- **Activity**
Please transcribe exactly the lines from the first line of the records below through the line containing "#12=(NAMED_UNIT(*) SI_UNIT($,.STERADIAN.) SOLID_ANGLE_UNIT());", including both, and omit all pictures.

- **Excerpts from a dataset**
=======

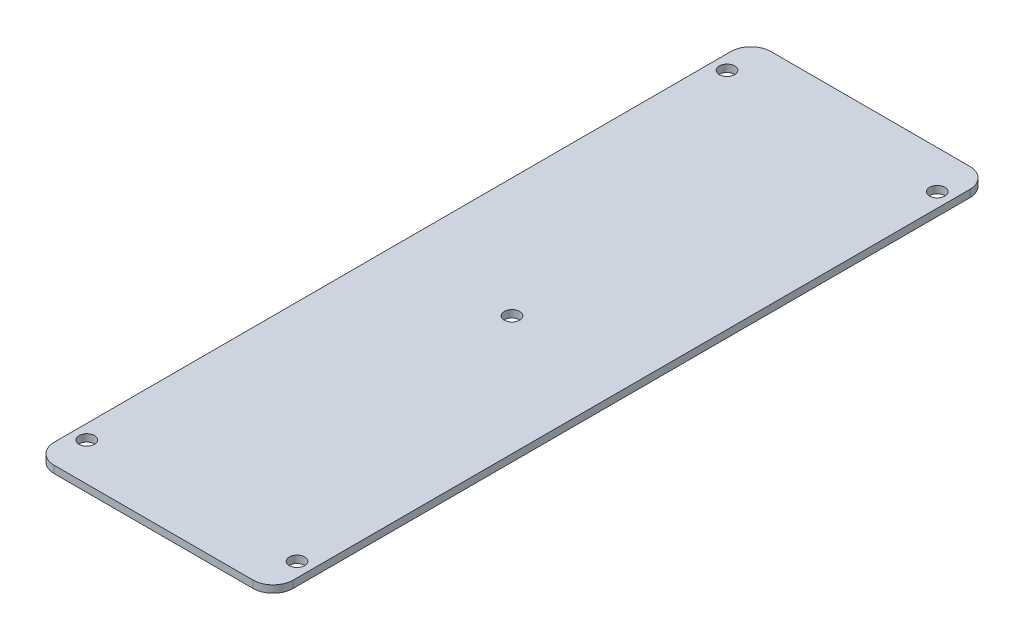
ISO-10303-21;
HEADER;
FILE_DESCRIPTION(('STEP AP214'),'2;1');
FILE_NAME('part.step','',(''),(''),'','','');
FILE_SCHEMA(('AUTOMOTIVE_DESIGN { 1 0 10303 214 1 1 1 1 }'));
ENDSEC;
DATA;
#1=APPLICATION_CONTEXT('core data for automotive mechanical design processes');
#2=APPLICATION_PROTOCOL_DEFINITION('international standard','automotive_design',2000,#1);
#3=PRODUCT_CONTEXT('',#1,'mechanical');
#4=PRODUCT('Part','Part','',(#3));
#5=PRODUCT_RELATED_PRODUCT_CATEGORY('part','',(#4));
#6=PRODUCT_DEFINITION_FORMATION('','',#4);
#7=PRODUCT_DEFINITION_CONTEXT('part definition',#1,'design');
#8=PRODUCT_DEFINITION('design','',#6,#7);
#9=PRODUCT_DEFINITION_SHAPE('','',#8);
#10=(LENGTH_UNIT() NAMED_UNIT(*) SI_UNIT(.MILLI.,.METRE.));
#11=(NAMED_UNIT(*) PLANE_ANGLE_UNIT() SI_UNIT($,.RADIAN.));
#12=(NAMED_UNIT(*) SI_UNIT($,.STERADIAN.) SOLID_ANGLE_UNIT());
#13=UNCERTAINTY_MEASURE_WITH_UNIT(LENGTH_MEASURE(1.E-05),#10,'distance_accuracy_value','');
#14=(GEOMETRIC_REPRESENTATION_CONTEXT(3) GLOBAL_UNCERTAINTY_ASSIGNED_CONTEXT((#13)) GLOBAL_UNIT_ASSIGNED_CONTEXT((#10,
#11,#12)) REPRESENTATION_CONTEXT('',''));
#15=CARTESIAN_POINT('',(0.,0.,0.));
#16=DIRECTION('',(0.,0.,1.));
#17=DIRECTION('',(1.,0.,0.));
#18=AXIS2_PLACEMENT_3D('',#15,#16,#17);
#19=CARTESIAN_POINT('',(3.00000000000004,-4.5254833995939,142.));
#20=DIRECTION('',(0.,1.,0.));
#21=DIRECTION('',(0.,0.,1.));
#22=AXIS2_PLACEMENT_3D('',#19,#20,#21);
#23=CYLINDRICAL_SURFACE('',#22,1.6);
#24=CARTESIAN_POINT('',(3.00000000000004,0.,142.));
#25=DIRECTION('',(0.,1.,0.));
#26=DIRECTION('',(0.,0.,1.));
#27=AXIS2_PLACEMENT_3D('',#24,#25,#26);
#28=CIRCLE('',#27,1.6);
#29=CARTESIAN_POINT('',(3.00000000000004,0.,143.6));
#30=VERTEX_POINT('',#29);
#31=EDGE_CURVE('E146',#30,#30,#28,.F.);
#32=ORIENTED_EDGE('',*,*,#31,.T.);
#33=EDGE_LOOP('',(#32));
#34=FACE_BOUND('',#33,.T.);
#35=CARTESIAN_POINT('',(3.00000000000004,1.524,142.));
#36=DIRECTION('',(0.,1.,0.));
#37=DIRECTION('',(0.,0.,1.));
#38=AXIS2_PLACEMENT_3D('',#35,#36,#37);
#39=CIRCLE('',#38,1.6);
#40=CARTESIAN_POINT('',(3.00000000000004,1.524,143.6));
#41=VERTEX_POINT('',#40);
#42=EDGE_CURVE('E149',#41,#41,#39,.T.);
#43=ORIENTED_EDGE('',*,*,#42,.T.);
#44=EDGE_LOOP('',(#43));
#45=FACE_BOUND('',#44,.T.);
#46=ADVANCED_FACE('F39',(#34,#45),#23,.F.);
#47=CARTESIAN_POINT('',(47.,-4.5254833995939,142.));
#48=DIRECTION('',(0.,1.,0.));
#49=DIRECTION('',(0.,0.,1.));
#50=AXIS2_PLACEMENT_3D('',#47,#48,#49);
#51=CYLINDRICAL_SURFACE('',#50,1.6);
#52=CARTESIAN_POINT('',(47.,0.,142.));
#53=DIRECTION('',(0.,1.,0.));
#54=DIRECTION('',(0.,0.,1.));
#55=AXIS2_PLACEMENT_3D('',#52,#53,#54);
#56=CIRCLE('',#55,1.6);
#57=CARTESIAN_POINT('',(47.,0.,143.6));
#58=VERTEX_POINT('',#57);
#59=EDGE_CURVE('E139',#58,#58,#56,.F.);
#60=ORIENTED_EDGE('',*,*,#59,.T.);
#61=EDGE_LOOP('',(#60));
#62=FACE_BOUND('',#61,.T.);
#63=CARTESIAN_POINT('',(47.,1.524,142.));
#64=DIRECTION('',(0.,1.,0.));
#65=DIRECTION('',(0.,0.,1.));
#66=AXIS2_PLACEMENT_3D('',#63,#64,#65);
#67=CIRCLE('',#66,1.6);
#68=CARTESIAN_POINT('',(47.,1.524,143.6));
#69=VERTEX_POINT('',#68);
#70=EDGE_CURVE('E142',#69,#69,#67,.T.);
#71=ORIENTED_EDGE('',*,*,#70,.T.);
#72=EDGE_LOOP('',(#71));
#73=FACE_BOUND('',#72,.T.);
#74=ADVANCED_FACE('F232',(#62,#73),#51,.F.);
#75=CARTESIAN_POINT('',(0.,1.524,0.));
#76=DIRECTION('',(1.,0.,0.));
#77=DIRECTION('',(0.,0.,-1.));
#78=AXIS2_PLACEMENT_3D('',#75,#76,#77);
#79=PLANE('',#78);
#80=DIRECTION('',(0.,0.,1.));
#81=VECTOR('',#80,1.);
#82=CARTESIAN_POINT('',(0.,0.,0.));
#83=LINE('',#82,#81);
#84=CARTESIAN_POINT('',(0.,0.,4.191));
#85=VERTEX_POINT('',#84);
#86=CARTESIAN_POINT('',(0.,0.,145.809));
#87=VERTEX_POINT('',#86);
#88=EDGE_CURVE('E135',#85,#87,#83,.T.);
#89=ORIENTED_EDGE('',*,*,#88,.T.);
#90=DIRECTION('',(0.,-1.,0.));
#91=VECTOR('',#90,1.);
#92=CARTESIAN_POINT('',(0.,1.524,145.809));
#93=LINE('',#92,#91);
#94=CARTESIAN_POINT('',(0.,1.524,145.809));
#95=VERTEX_POINT('',#94);
#96=EDGE_CURVE('E170',#87,#95,#93,.F.);
#97=ORIENTED_EDGE('',*,*,#96,.T.);
#98=DIRECTION('',(0.,0.,1.));
#99=VECTOR('',#98,1.);
#100=CARTESIAN_POINT('',(0.,1.524,0.));
#101=LINE('',#100,#99);
#102=CARTESIAN_POINT('',(0.,1.524,4.191));
#103=VERTEX_POINT('',#102);
#104=EDGE_CURVE('E133',#103,#95,#101,.T.);
#105=ORIENTED_EDGE('',*,*,#104,.F.);
#106=DIRECTION('',(0.,-1.,0.));
#107=VECTOR('',#106,1.);
#108=CARTESIAN_POINT('',(0.,1.524,4.191));
#109=LINE('',#108,#107);
#110=EDGE_CURVE('E167',#103,#85,#109,.T.);
#111=ORIENTED_EDGE('',*,*,#110,.T.);
#112=EDGE_LOOP('',(#89,#97,#105,#111));
#113=FACE_BOUND('',#112,.T.);
#114=ADVANCED_FACE('F183',(#113),#79,.F.);
#115=CARTESIAN_POINT('',(0.,1.524,150.));
#116=DIRECTION('',(0.,0.,-1.));
#117=DIRECTION('',(-1.,0.,0.));
#118=AXIS2_PLACEMENT_3D('',#115,#116,#117);
#119=PLANE('',#118);
#120=DIRECTION('',(1.,0.,0.));
#121=VECTOR('',#120,1.);
#122=CARTESIAN_POINT('',(0.,0.,150.));
#123=LINE('',#122,#121);
#124=CARTESIAN_POINT('',(4.19100000000002,0.,150.));
#125=VERTEX_POINT('',#124);
#126=CARTESIAN_POINT('',(45.809,0.,150.));
#127=VERTEX_POINT('',#126);
#128=EDGE_CURVE('E131',#125,#127,#123,.T.);
#129=ORIENTED_EDGE('',*,*,#128,.T.);
#130=DIRECTION('',(0.,-1.,0.));
#131=VECTOR('',#130,1.);
#132=CARTESIAN_POINT('',(45.809,1.524,150.));
#133=LINE('',#132,#131);
#134=CARTESIAN_POINT('',(45.809,1.524,150.));
#135=VERTEX_POINT('',#134);
#136=EDGE_CURVE('E109',#127,#135,#133,.F.);
#137=ORIENTED_EDGE('',*,*,#136,.T.);
#138=DIRECTION('',(1.,0.,0.));
#139=VECTOR('',#138,1.);
#140=CARTESIAN_POINT('',(0.,1.524,150.));
#141=LINE('',#140,#139);
#142=CARTESIAN_POINT('',(4.19100000000002,1.524,150.));
#143=VERTEX_POINT('',#142);
#144=EDGE_CURVE('E187',#143,#135,#141,.T.);
#145=ORIENTED_EDGE('',*,*,#144,.F.);
#146=DIRECTION('',(0.,-1.,0.));
#147=VECTOR('',#146,1.);
#148=CARTESIAN_POINT('',(4.19100000000002,1.524,150.));
#149=LINE('',#148,#147);
#150=EDGE_CURVE('E114',#143,#125,#149,.T.);
#151=ORIENTED_EDGE('',*,*,#150,.T.);
#152=EDGE_LOOP('',(#129,#137,#145,#151));
#153=FACE_BOUND('',#152,.T.);
#154=ADVANCED_FACE('F273',(#153),#119,.F.);
#155=CARTESIAN_POINT('',(50.,1.524,0.));
#156=DIRECTION('',(-1.,0.,0.));
#157=DIRECTION('',(0.,0.,1.));
#158=AXIS2_PLACEMENT_3D('',#155,#156,#157);
#159=PLANE('',#158);
#160=DIRECTION('',(0.,0.,-1.));
#161=VECTOR('',#160,1.);
#162=CARTESIAN_POINT('',(50.,1.524,0.));
#163=LINE('',#162,#161);
#164=CARTESIAN_POINT('',(50.,1.524,145.809));
#165=VERTEX_POINT('',#164);
#166=CARTESIAN_POINT('',(50.,1.524,4.191));
#167=VERTEX_POINT('',#166);
#168=EDGE_CURVE('E123',#165,#167,#163,.T.);
#169=ORIENTED_EDGE('',*,*,#168,.F.);
#170=DIRECTION('',(0.,-1.,0.));
#171=VECTOR('',#170,1.);
#172=CARTESIAN_POINT('',(50.,1.524,145.809));
#173=LINE('',#172,#171);
#174=CARTESIAN_POINT('',(50.,0.,145.809));
#175=VERTEX_POINT('',#174);
#176=EDGE_CURVE('E108',#165,#175,#173,.T.);
#177=ORIENTED_EDGE('',*,*,#176,.T.);
#178=DIRECTION('',(0.,0.,-1.));
#179=VECTOR('',#178,1.);
#180=CARTESIAN_POINT('',(50.,0.,0.));
#181=LINE('',#180,#179);
#182=CARTESIAN_POINT('',(50.,0.,4.191));
#183=VERTEX_POINT('',#182);
#184=EDGE_CURVE('E121',#175,#183,#181,.T.);
#185=ORIENTED_EDGE('',*,*,#184,.T.);
#186=DIRECTION('',(0.,-1.,0.));
#187=VECTOR('',#186,1.);
#188=CARTESIAN_POINT('',(50.,1.524,4.191));
#189=LINE('',#188,#187);
#190=EDGE_CURVE('E125',#183,#167,#189,.F.);
#191=ORIENTED_EDGE('',*,*,#190,.T.);
#192=EDGE_LOOP('',(#169,#177,#185,#191));
#193=FACE_BOUND('',#192,.T.);
#194=ADVANCED_FACE('F120',(#193),#159,.F.);
#195=CARTESIAN_POINT('',(0.,1.524,0.));
#196=DIRECTION('',(0.,0.,1.));
#197=DIRECTION('',(1.,0.,0.));
#198=AXIS2_PLACEMENT_3D('',#195,#196,#197);
#199=PLANE('',#198);
#200=DIRECTION('',(-1.,0.,0.));
#201=VECTOR('',#200,1.);
#202=CARTESIAN_POINT('',(0.,0.,0.));
#203=LINE('',#202,#201);
#204=CARTESIAN_POINT('',(45.809,0.,0.));
#205=VERTEX_POINT('',#204);
#206=CARTESIAN_POINT('',(4.191,0.,0.));
#207=VERTEX_POINT('',#206);
#208=EDGE_CURVE('E130',#205,#207,#203,.T.);
#209=ORIENTED_EDGE('',*,*,#208,.T.);
#210=DIRECTION('',(0.,-1.,0.));
#211=VECTOR('',#210,1.);
#212=CARTESIAN_POINT('',(4.191,1.524,0.));
#213=LINE('',#212,#211);
#214=CARTESIAN_POINT('',(4.191,1.524,0.));
#215=VERTEX_POINT('',#214);
#216=EDGE_CURVE('E11',#207,#215,#213,.F.);
#217=ORIENTED_EDGE('',*,*,#216,.T.);
#218=DIRECTION('',(-1.,0.,0.));
#219=VECTOR('',#218,1.);
#220=CARTESIAN_POINT('',(0.,1.524,0.));
#221=LINE('',#220,#219);
#222=CARTESIAN_POINT('',(45.809,1.524,0.));
#223=VERTEX_POINT('',#222);
#224=EDGE_CURVE('E143',#223,#215,#221,.T.);
#225=ORIENTED_EDGE('',*,*,#224,.F.);
#226=DIRECTION('',(0.,-1.,0.));
#227=VECTOR('',#226,1.);
#228=CARTESIAN_POINT('',(45.809,1.524,0.));
#229=LINE('',#228,#227);
#230=EDGE_CURVE('E47',#223,#205,#229,.T.);
#231=ORIENTED_EDGE('',*,*,#230,.T.);
#232=EDGE_LOOP('',(#209,#217,#225,#231));
#233=FACE_BOUND('',#232,.T.);
#234=ADVANCED_FACE('F173',(#233),#199,.F.);
#235=CARTESIAN_POINT('',(0.,1.524,0.));
#236=DIRECTION('',(0.,1.,0.));
#237=DIRECTION('',(0.,0.,1.));
#238=AXIS2_PLACEMENT_3D('',#235,#236,#237);
#239=PLANE('',#238);
#240=CARTESIAN_POINT('',(25.,1.524,75.));
#241=DIRECTION('',(0.,1.,0.));
#242=DIRECTION('',(0.,0.,1.));
#243=AXIS2_PLACEMENT_3D('',#240,#241,#242);
#244=CIRCLE('',#243,1.60000000000001);
#245=CARTESIAN_POINT('',(25.,1.524,76.6));
#246=VERTEX_POINT('',#245);
#247=EDGE_CURVE('E213',#246,#246,#244,.T.);
#248=ORIENTED_EDGE('',*,*,#247,.F.);
#249=EDGE_LOOP('',(#248));
#250=FACE_BOUND('',#249,.T.);
#251=CARTESIAN_POINT('',(3.00000000000002,1.524,8.00000000000001));
#252=DIRECTION('',(0.,1.,0.));
#253=DIRECTION('',(0.,0.,1.));
#254=AXIS2_PLACEMENT_3D('',#251,#252,#253);
#255=CIRCLE('',#254,1.6);
#256=CARTESIAN_POINT('',(3.00000000000002,1.524,9.6));
#257=VERTEX_POINT('',#256);
#258=EDGE_CURVE('E201',#257,#257,#255,.T.);
#259=ORIENTED_EDGE('',*,*,#258,.F.);
#260=EDGE_LOOP('',(#259));
#261=FACE_BOUND('',#260,.T.);
#262=CARTESIAN_POINT('',(47.,1.524,8.00000000000001));
#263=DIRECTION('',(0.,1.,0.));
#264=DIRECTION('',(0.,0.,1.));
#265=AXIS2_PLACEMENT_3D('',#262,#263,#264);
#266=CIRCLE('',#265,1.6);
#267=CARTESIAN_POINT('',(47.,1.524,9.6));
#268=VERTEX_POINT('',#267);
#269=EDGE_CURVE('E197',#268,#268,#266,.T.);
#270=ORIENTED_EDGE('',*,*,#269,.F.);
#271=EDGE_LOOP('',(#270));
#272=FACE_BOUND('',#271,.T.);
#273=ORIENTED_EDGE('',*,*,#144,.T.);
#274=CARTESIAN_POINT('',(45.809,1.524,145.809));
#275=DIRECTION('',(0.,1.,0.));
#276=DIRECTION('',(0.,0.,1.));
#277=AXIS2_PLACEMENT_3D('',#274,#275,#276);
#278=CIRCLE('',#277,4.191);
#279=EDGE_CURVE('E165',#135,#165,#278,.T.);
#280=ORIENTED_EDGE('',*,*,#279,.T.);
#281=ORIENTED_EDGE('',*,*,#168,.T.);
#282=CARTESIAN_POINT('',(45.809,1.524,4.191));
#283=DIRECTION('',(0.,1.,0.));
#284=DIRECTION('',(0.,0.,1.));
#285=AXIS2_PLACEMENT_3D('',#282,#283,#284);
#286=CIRCLE('',#285,4.191);
#287=EDGE_CURVE('E59',#167,#223,#286,.T.);
#288=ORIENTED_EDGE('',*,*,#287,.T.);
#289=ORIENTED_EDGE('',*,*,#224,.T.);
#290=CARTESIAN_POINT('',(4.191,1.524,4.191));
#291=DIRECTION('',(0.,1.,0.));
#292=DIRECTION('',(0.,0.,1.));
#293=AXIS2_PLACEMENT_3D('',#290,#291,#292);
#294=CIRCLE('',#293,4.191);
#295=EDGE_CURVE('E161',#215,#103,#294,.T.);
#296=ORIENTED_EDGE('',*,*,#295,.T.);
#297=ORIENTED_EDGE('',*,*,#104,.T.);
#298=CARTESIAN_POINT('',(4.19100000000002,1.524,145.809));
#299=DIRECTION('',(0.,1.,0.));
#300=DIRECTION('',(0.,0.,1.));
#301=AXIS2_PLACEMENT_3D('',#298,#299,#300);
#302=CIRCLE('',#301,4.191);
#303=EDGE_CURVE('E163',#95,#143,#302,.T.);
#304=ORIENTED_EDGE('',*,*,#303,.T.);
#305=EDGE_LOOP('',(#273,#280,#281,#288,#289,#296,#297,#304));
#306=FACE_BOUND('',#305,.T.);
#307=ORIENTED_EDGE('',*,*,#70,.F.);
#308=EDGE_LOOP('',(#307));
#309=FACE_BOUND('',#308,.T.);
#310=ORIENTED_EDGE('',*,*,#42,.F.);
#311=EDGE_LOOP('',(#310));
#312=FACE_BOUND('',#311,.T.);
#313=ADVANCED_FACE('F219',(#250,#261,#272,#306,#309,#312),#239,.T.);
#314=CARTESIAN_POINT('',(0.,0.,0.));
#315=DIRECTION('',(0.,1.,0.));
#316=DIRECTION('',(0.,0.,1.));
#317=AXIS2_PLACEMENT_3D('',#314,#315,#316);
#318=PLANE('',#317);
#319=CARTESIAN_POINT('',(25.,0.,75.));
#320=DIRECTION('',(0.,1.,0.));
#321=DIRECTION('',(0.,0.,1.));
#322=AXIS2_PLACEMENT_3D('',#319,#320,#321);
#323=CIRCLE('',#322,1.60000000000001);
#324=CARTESIAN_POINT('',(25.,0.,76.6));
#325=VERTEX_POINT('',#324);
#326=EDGE_CURVE('E210',#325,#325,#323,.F.);
#327=ORIENTED_EDGE('',*,*,#326,.F.);
#328=EDGE_LOOP('',(#327));
#329=FACE_BOUND('',#328,.T.);
#330=CARTESIAN_POINT('',(3.00000000000002,0.,8.00000000000001));
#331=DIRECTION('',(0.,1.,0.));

=======

- **Answer box**
ISO-10303-21;
HEADER;
FILE_DESCRIPTION(('STEP AP214'),'2;1');
FILE_NAME('part.step','',(''),(''),'','','');
FILE_SCHEMA(('AUTOMOTIVE_DESIGN { 1 0 10303 214 1 1 1 1 }'));
ENDSEC;
DATA;
#1=APPLICATION_CONTEXT('core data for automotive mechanical design processes');
#2=APPLICATION_PROTOCOL_DEFINITION('international standard','automotive_design',2000,#1);
#3=PRODUCT_CONTEXT('',#1,'mechanical');
#4=PRODUCT('Part','Part','',(#3));
#5=PRODUCT_RELATED_PRODUCT_CATEGORY('part','',(#4));
#6=PRODUCT_DEFINITION_FORMATION('','',#4);
#7=PRODUCT_DEFINITION_CONTEXT('part definition',#1,'design');
#8=PRODUCT_DEFINITION('design','',#6,#7);
#9=PRODUCT_DEFINITION_SHAPE('','',#8);
#10=(LENGTH_UNIT() NAMED_UNIT(*) SI_UNIT(.MILLI.,.METRE.));
#11=(NAMED_UNIT(*) PLANE_ANGLE_UNIT() SI_UNIT($,.RADIAN.));
#12=(NAMED_UNIT(*) SI_UNIT($,.STERADIAN.) SOLID_ANGLE_UNIT());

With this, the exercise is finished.